** Opening Provided entries block **

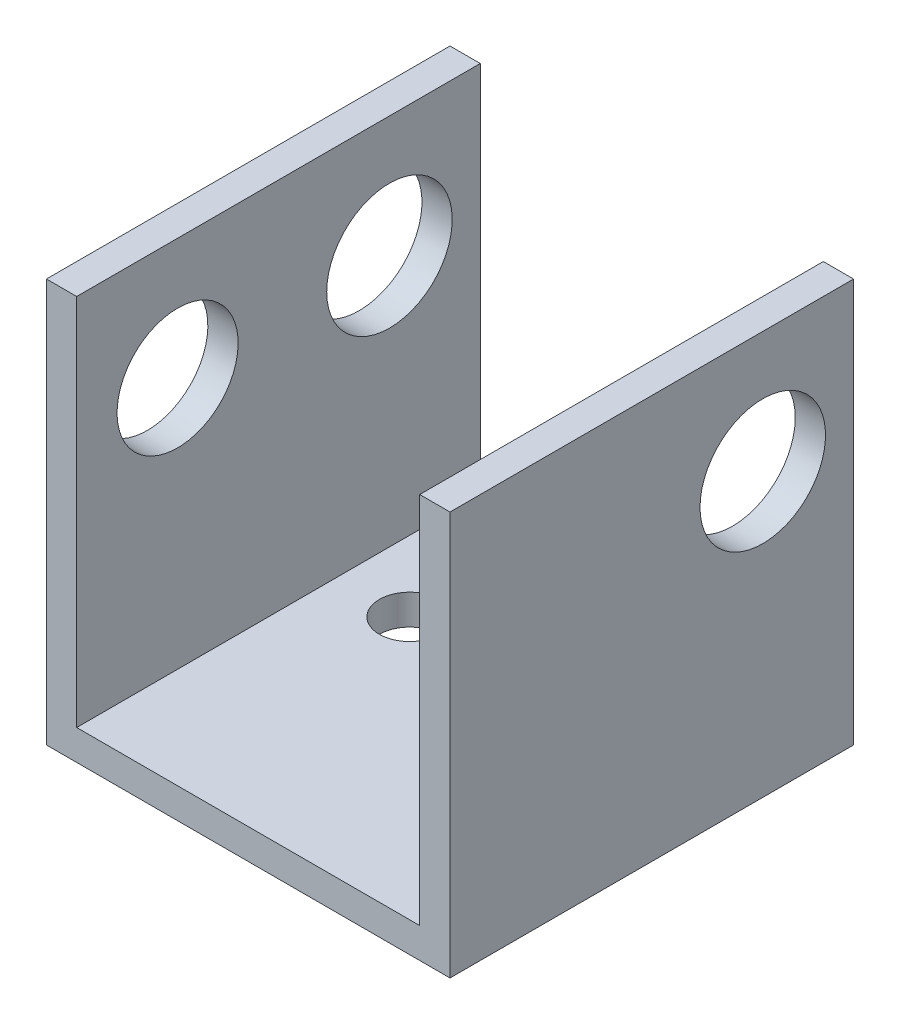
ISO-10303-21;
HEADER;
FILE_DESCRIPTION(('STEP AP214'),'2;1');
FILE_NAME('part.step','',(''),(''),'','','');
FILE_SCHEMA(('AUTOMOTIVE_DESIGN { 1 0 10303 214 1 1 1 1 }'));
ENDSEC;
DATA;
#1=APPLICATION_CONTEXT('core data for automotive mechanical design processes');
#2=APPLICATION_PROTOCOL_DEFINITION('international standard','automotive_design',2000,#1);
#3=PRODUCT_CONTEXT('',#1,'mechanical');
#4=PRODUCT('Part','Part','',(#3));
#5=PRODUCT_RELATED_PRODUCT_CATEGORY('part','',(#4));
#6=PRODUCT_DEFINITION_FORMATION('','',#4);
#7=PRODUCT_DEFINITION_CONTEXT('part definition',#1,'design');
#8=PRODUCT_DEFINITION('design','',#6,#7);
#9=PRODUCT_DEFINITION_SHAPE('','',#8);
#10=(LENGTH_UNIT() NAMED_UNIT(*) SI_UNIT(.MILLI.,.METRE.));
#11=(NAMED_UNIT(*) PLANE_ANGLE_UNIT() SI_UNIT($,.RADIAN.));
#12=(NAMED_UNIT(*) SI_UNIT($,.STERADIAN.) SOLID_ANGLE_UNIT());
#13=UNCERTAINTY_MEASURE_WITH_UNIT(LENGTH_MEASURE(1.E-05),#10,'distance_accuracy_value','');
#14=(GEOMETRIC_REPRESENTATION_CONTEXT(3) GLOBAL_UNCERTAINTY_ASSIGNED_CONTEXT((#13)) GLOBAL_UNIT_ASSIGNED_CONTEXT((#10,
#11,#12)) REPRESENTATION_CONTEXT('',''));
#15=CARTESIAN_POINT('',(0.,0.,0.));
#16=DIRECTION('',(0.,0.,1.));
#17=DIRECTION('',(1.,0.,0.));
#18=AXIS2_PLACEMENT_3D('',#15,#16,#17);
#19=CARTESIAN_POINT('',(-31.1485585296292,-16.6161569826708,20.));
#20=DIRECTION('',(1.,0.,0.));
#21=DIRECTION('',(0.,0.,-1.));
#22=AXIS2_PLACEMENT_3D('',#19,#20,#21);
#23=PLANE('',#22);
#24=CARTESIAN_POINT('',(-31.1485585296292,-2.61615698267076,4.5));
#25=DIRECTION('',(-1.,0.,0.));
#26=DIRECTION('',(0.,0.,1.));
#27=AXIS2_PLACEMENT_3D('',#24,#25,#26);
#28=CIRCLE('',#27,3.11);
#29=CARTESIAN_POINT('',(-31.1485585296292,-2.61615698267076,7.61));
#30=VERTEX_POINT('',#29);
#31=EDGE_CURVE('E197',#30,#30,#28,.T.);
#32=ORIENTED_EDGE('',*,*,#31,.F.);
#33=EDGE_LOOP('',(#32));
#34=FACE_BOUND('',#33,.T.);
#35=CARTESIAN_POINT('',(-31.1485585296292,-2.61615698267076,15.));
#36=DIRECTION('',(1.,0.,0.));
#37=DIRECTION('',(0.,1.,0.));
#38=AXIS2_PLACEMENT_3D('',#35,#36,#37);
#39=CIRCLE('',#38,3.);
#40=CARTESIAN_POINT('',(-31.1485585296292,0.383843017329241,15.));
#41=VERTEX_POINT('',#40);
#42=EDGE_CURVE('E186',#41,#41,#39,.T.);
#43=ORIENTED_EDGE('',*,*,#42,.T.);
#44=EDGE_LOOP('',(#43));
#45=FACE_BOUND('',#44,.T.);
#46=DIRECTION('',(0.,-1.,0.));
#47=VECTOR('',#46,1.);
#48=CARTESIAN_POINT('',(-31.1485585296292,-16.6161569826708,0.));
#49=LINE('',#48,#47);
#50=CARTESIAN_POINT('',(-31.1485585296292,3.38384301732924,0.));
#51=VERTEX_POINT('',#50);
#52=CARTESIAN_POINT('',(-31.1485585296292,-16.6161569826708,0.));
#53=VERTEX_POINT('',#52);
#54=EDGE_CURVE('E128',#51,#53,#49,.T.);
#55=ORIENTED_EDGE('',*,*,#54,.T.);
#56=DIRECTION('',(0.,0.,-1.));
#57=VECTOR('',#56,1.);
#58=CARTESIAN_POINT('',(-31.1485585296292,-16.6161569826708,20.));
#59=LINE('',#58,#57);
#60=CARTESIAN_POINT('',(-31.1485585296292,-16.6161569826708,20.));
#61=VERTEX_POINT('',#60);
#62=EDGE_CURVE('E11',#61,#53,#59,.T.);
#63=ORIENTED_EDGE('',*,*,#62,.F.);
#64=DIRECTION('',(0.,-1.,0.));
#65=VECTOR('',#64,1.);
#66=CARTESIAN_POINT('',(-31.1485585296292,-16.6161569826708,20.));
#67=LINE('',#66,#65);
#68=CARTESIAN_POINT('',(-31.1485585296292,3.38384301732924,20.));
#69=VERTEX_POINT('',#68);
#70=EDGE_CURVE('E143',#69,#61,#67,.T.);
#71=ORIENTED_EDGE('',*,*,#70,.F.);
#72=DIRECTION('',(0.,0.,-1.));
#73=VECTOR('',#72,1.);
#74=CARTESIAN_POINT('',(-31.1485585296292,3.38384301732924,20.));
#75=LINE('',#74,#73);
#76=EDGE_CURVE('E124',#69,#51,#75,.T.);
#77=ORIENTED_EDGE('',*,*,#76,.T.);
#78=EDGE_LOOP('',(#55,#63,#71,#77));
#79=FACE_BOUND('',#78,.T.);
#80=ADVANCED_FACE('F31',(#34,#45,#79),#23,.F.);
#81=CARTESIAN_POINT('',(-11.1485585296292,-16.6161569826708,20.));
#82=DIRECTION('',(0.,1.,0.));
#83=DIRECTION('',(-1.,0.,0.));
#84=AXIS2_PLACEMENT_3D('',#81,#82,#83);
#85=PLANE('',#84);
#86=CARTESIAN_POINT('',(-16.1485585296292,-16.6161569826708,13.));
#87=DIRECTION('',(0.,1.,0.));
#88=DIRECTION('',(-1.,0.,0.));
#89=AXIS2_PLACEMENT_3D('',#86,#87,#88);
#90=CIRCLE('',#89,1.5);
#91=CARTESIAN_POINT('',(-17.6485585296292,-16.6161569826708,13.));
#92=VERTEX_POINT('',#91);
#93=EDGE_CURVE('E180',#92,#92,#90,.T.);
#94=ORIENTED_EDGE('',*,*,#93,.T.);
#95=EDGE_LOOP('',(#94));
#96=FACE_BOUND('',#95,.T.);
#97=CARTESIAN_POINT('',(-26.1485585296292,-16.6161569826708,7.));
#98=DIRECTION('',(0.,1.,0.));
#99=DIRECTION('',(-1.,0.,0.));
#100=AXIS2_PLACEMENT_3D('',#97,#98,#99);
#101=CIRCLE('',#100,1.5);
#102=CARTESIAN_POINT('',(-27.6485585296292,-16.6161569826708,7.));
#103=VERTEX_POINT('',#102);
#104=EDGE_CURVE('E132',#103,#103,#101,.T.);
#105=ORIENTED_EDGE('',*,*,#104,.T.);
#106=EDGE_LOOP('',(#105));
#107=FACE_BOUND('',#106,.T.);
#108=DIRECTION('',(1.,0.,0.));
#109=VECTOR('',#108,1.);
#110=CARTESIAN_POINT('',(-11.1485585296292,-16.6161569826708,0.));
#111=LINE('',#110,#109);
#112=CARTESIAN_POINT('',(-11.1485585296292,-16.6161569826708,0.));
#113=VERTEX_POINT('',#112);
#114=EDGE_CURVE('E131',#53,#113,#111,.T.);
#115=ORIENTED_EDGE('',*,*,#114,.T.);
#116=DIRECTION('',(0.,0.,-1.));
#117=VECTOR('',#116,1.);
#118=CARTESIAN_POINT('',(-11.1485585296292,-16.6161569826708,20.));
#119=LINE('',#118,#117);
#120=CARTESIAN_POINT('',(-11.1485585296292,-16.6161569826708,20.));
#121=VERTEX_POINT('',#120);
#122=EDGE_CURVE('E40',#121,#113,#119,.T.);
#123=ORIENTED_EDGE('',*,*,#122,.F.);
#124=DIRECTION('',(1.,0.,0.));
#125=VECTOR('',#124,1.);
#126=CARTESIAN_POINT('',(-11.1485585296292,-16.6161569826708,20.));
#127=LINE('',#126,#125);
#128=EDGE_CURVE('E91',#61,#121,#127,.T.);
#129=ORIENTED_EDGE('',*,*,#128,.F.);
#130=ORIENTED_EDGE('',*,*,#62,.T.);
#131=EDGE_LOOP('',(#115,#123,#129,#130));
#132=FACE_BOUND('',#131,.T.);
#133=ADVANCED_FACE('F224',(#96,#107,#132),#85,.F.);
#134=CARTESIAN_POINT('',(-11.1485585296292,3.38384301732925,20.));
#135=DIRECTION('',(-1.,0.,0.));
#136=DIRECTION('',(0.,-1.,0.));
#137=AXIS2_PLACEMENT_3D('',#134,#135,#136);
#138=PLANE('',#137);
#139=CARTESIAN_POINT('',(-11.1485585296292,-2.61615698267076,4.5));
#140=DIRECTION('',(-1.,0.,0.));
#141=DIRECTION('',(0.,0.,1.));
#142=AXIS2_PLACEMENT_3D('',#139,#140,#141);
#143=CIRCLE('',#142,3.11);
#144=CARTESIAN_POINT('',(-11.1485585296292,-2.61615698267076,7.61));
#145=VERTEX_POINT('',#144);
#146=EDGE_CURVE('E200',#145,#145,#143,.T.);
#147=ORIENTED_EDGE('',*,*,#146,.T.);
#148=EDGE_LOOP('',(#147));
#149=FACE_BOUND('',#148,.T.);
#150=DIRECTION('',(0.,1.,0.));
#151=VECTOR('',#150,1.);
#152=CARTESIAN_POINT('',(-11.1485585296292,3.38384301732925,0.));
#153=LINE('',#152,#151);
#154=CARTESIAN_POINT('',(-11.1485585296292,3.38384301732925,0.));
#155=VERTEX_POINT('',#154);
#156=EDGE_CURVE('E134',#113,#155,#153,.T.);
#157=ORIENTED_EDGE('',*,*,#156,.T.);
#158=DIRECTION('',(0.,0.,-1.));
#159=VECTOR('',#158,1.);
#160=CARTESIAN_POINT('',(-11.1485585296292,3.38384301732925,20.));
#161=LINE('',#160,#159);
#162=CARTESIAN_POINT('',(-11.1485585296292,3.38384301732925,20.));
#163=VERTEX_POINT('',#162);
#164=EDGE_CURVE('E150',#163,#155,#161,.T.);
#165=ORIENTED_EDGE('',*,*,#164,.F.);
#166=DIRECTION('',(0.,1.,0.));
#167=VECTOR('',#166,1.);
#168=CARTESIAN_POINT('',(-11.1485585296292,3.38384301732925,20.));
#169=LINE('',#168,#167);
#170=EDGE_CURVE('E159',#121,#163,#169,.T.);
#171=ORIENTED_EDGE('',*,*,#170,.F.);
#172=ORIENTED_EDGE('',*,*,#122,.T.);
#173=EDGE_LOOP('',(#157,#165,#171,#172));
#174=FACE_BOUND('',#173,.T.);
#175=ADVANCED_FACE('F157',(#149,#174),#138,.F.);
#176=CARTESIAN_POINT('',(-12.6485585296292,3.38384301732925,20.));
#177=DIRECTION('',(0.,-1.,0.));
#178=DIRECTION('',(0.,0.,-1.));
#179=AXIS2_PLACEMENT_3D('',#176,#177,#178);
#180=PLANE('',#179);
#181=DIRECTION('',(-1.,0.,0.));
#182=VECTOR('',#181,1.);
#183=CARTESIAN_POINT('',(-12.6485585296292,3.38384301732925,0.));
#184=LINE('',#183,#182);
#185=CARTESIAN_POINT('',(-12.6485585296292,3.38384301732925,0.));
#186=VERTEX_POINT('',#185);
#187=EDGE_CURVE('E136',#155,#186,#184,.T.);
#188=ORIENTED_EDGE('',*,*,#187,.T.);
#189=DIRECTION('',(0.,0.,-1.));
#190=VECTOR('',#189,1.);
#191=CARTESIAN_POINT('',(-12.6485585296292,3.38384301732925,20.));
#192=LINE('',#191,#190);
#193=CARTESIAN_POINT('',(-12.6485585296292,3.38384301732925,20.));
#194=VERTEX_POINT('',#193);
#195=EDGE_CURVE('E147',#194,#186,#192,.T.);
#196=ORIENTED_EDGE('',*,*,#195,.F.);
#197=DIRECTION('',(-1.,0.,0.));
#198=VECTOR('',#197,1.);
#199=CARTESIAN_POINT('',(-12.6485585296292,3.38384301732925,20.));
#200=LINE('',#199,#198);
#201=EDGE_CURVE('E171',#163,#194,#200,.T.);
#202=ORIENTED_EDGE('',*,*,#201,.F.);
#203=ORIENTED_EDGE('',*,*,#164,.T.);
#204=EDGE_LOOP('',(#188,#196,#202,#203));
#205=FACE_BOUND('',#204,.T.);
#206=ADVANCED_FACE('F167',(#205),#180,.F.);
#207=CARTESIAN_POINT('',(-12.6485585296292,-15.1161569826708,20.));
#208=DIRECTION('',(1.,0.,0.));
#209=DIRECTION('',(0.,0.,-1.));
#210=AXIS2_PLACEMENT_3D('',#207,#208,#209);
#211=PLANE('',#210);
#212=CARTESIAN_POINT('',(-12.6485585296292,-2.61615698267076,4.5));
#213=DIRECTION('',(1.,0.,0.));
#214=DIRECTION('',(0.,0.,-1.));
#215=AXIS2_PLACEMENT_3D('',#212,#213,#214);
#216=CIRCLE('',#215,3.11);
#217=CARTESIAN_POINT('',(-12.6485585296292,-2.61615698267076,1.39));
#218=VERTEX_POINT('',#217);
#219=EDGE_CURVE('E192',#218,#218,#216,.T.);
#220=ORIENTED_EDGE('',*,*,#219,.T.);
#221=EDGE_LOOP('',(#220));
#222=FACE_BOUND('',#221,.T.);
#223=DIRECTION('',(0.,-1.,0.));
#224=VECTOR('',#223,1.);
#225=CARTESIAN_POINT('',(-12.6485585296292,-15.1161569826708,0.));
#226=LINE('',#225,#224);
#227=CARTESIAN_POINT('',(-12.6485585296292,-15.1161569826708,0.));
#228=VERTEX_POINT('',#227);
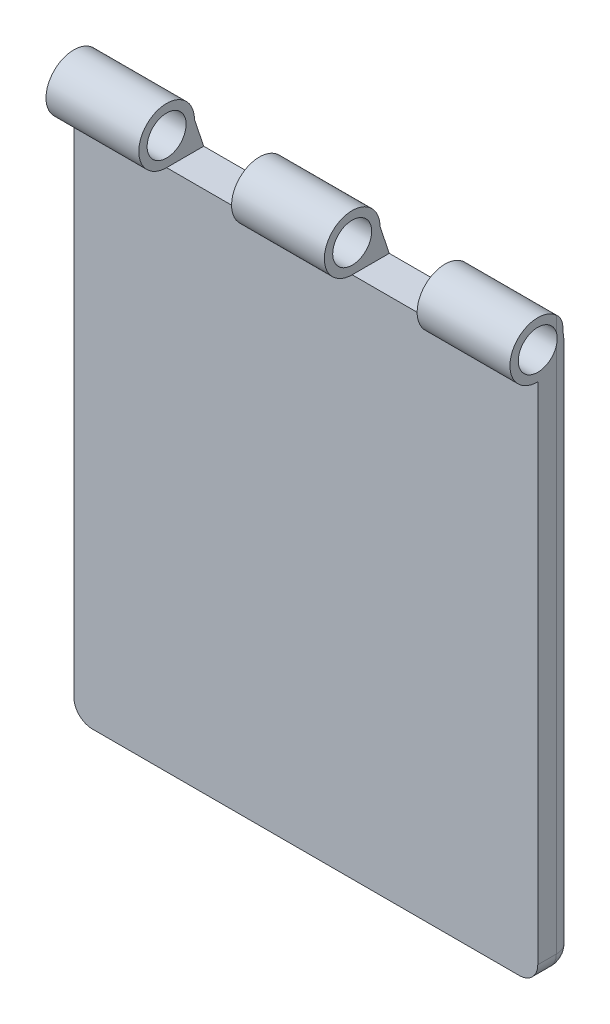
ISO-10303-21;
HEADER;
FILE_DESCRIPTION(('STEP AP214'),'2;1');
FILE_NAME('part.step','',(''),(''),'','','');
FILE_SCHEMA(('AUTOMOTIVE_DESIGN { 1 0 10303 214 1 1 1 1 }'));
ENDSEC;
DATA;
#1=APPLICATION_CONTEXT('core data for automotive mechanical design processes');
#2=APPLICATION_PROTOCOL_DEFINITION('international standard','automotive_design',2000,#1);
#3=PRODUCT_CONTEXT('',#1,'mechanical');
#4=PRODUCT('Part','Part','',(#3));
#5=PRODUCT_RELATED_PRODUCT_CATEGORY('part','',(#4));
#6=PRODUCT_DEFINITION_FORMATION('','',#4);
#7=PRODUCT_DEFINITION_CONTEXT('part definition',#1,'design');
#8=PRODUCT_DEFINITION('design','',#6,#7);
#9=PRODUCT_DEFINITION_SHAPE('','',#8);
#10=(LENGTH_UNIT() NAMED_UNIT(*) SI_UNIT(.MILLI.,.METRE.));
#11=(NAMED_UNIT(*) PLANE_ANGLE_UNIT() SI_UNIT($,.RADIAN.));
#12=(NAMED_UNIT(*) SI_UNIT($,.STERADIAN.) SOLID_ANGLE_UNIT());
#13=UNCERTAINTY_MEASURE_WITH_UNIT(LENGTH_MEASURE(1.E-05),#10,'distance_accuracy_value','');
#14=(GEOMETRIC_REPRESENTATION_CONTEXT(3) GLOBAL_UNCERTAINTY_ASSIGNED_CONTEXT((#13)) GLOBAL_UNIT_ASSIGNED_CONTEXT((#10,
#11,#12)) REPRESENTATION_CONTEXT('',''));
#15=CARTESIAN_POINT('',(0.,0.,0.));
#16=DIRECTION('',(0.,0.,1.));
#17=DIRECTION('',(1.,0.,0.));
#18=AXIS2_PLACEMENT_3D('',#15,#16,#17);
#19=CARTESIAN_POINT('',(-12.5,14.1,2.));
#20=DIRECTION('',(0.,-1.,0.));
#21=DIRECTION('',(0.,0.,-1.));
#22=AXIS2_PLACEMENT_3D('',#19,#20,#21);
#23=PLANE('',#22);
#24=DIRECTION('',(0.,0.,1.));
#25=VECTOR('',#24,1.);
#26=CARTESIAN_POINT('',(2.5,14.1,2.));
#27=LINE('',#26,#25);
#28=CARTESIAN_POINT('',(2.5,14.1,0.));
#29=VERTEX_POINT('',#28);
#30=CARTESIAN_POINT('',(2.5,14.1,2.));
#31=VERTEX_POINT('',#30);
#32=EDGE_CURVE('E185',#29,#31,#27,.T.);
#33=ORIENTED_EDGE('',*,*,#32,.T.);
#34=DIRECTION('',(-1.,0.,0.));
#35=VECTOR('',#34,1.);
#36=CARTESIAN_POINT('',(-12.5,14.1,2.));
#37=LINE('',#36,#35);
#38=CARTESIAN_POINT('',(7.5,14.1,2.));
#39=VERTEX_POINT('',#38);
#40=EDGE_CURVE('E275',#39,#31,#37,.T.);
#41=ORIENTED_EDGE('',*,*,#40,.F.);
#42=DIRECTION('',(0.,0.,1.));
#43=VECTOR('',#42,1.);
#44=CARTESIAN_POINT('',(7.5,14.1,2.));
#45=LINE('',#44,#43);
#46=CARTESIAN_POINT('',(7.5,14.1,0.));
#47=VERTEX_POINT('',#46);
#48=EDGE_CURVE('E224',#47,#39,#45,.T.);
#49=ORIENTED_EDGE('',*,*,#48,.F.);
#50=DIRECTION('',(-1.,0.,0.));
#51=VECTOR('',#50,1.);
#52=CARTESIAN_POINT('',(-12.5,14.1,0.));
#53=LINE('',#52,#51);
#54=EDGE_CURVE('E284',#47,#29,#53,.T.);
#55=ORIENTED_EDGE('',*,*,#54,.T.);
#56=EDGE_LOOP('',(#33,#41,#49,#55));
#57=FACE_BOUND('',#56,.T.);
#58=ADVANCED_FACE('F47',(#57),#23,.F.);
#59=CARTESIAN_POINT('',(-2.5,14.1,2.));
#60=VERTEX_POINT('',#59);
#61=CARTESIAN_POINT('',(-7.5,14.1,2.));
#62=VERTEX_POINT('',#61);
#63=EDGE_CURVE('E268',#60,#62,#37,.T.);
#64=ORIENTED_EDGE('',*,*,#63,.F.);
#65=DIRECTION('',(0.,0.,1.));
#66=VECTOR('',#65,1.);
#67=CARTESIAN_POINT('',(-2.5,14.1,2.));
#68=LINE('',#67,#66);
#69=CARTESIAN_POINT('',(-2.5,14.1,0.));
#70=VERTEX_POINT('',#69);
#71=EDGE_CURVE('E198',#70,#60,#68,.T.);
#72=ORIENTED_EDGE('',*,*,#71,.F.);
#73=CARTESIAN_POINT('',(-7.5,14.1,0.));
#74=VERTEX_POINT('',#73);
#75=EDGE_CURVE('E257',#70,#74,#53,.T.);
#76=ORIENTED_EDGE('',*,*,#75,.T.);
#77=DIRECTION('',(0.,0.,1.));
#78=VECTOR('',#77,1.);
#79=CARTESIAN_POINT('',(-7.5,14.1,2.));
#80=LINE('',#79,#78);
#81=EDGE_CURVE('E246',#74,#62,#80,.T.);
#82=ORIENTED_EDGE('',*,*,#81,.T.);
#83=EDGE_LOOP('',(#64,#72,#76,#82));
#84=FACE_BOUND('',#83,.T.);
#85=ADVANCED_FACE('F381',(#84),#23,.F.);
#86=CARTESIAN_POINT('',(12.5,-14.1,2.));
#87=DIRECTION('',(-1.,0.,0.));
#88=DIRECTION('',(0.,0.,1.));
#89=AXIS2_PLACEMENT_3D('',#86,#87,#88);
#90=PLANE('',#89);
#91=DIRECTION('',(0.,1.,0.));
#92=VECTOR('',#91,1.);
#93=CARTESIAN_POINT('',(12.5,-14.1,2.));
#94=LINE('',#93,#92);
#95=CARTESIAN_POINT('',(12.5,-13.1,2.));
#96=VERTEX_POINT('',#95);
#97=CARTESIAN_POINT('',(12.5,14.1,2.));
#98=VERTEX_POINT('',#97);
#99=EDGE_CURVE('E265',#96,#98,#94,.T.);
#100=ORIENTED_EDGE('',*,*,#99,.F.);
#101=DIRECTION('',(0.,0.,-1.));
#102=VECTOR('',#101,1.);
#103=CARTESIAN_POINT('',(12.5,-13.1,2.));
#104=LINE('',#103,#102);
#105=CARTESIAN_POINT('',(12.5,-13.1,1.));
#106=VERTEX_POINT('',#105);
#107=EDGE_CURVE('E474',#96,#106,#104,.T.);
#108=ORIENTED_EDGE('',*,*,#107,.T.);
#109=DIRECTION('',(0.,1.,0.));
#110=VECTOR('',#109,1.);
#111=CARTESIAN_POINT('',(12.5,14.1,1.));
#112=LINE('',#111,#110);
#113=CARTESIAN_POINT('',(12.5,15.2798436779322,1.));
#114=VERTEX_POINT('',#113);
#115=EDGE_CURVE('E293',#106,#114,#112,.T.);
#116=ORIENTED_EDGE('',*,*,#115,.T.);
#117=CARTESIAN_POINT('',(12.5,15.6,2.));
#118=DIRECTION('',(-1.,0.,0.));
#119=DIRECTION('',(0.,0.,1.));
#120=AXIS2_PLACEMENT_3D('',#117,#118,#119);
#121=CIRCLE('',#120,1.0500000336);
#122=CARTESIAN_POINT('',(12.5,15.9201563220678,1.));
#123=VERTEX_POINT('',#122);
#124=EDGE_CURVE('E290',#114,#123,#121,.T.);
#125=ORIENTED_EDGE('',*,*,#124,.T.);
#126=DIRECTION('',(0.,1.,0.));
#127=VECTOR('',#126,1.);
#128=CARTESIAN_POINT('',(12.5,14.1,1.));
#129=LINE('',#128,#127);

** Closing Provided entries block **

Task instructions:
Everything above from the line with "#32=EDGE_CURVE('E185',#29,#31,#27,.T.);" to the line with "#42=DIRECTION('',(0.,0.,1.));", both included, must be repeated exactly, and nothing outside that range.

The completed task:
#32=EDGE_CURVE('E185',#29,#31,#27,.T.);
#33=ORIENTED_EDGE('',*,*,#32,.T.);
#34=DIRECTION('',(-1.,0.,0.));
#35=VECTOR('',#34,1.);
#36=CARTESIAN_POINT('',(-12.5,14.1,2.));
#37=LINE('',#36,#35);
#38=CARTESIAN_POINT('',(7.5,14.1,2.));
#39=VERTEX_POINT('',#38);
#40=EDGE_CURVE('E275',#39,#31,#37,.T.);
#41=ORIENTED_EDGE('',*,*,#40,.F.);
#42=DIRECTION('',(0.,0.,1.));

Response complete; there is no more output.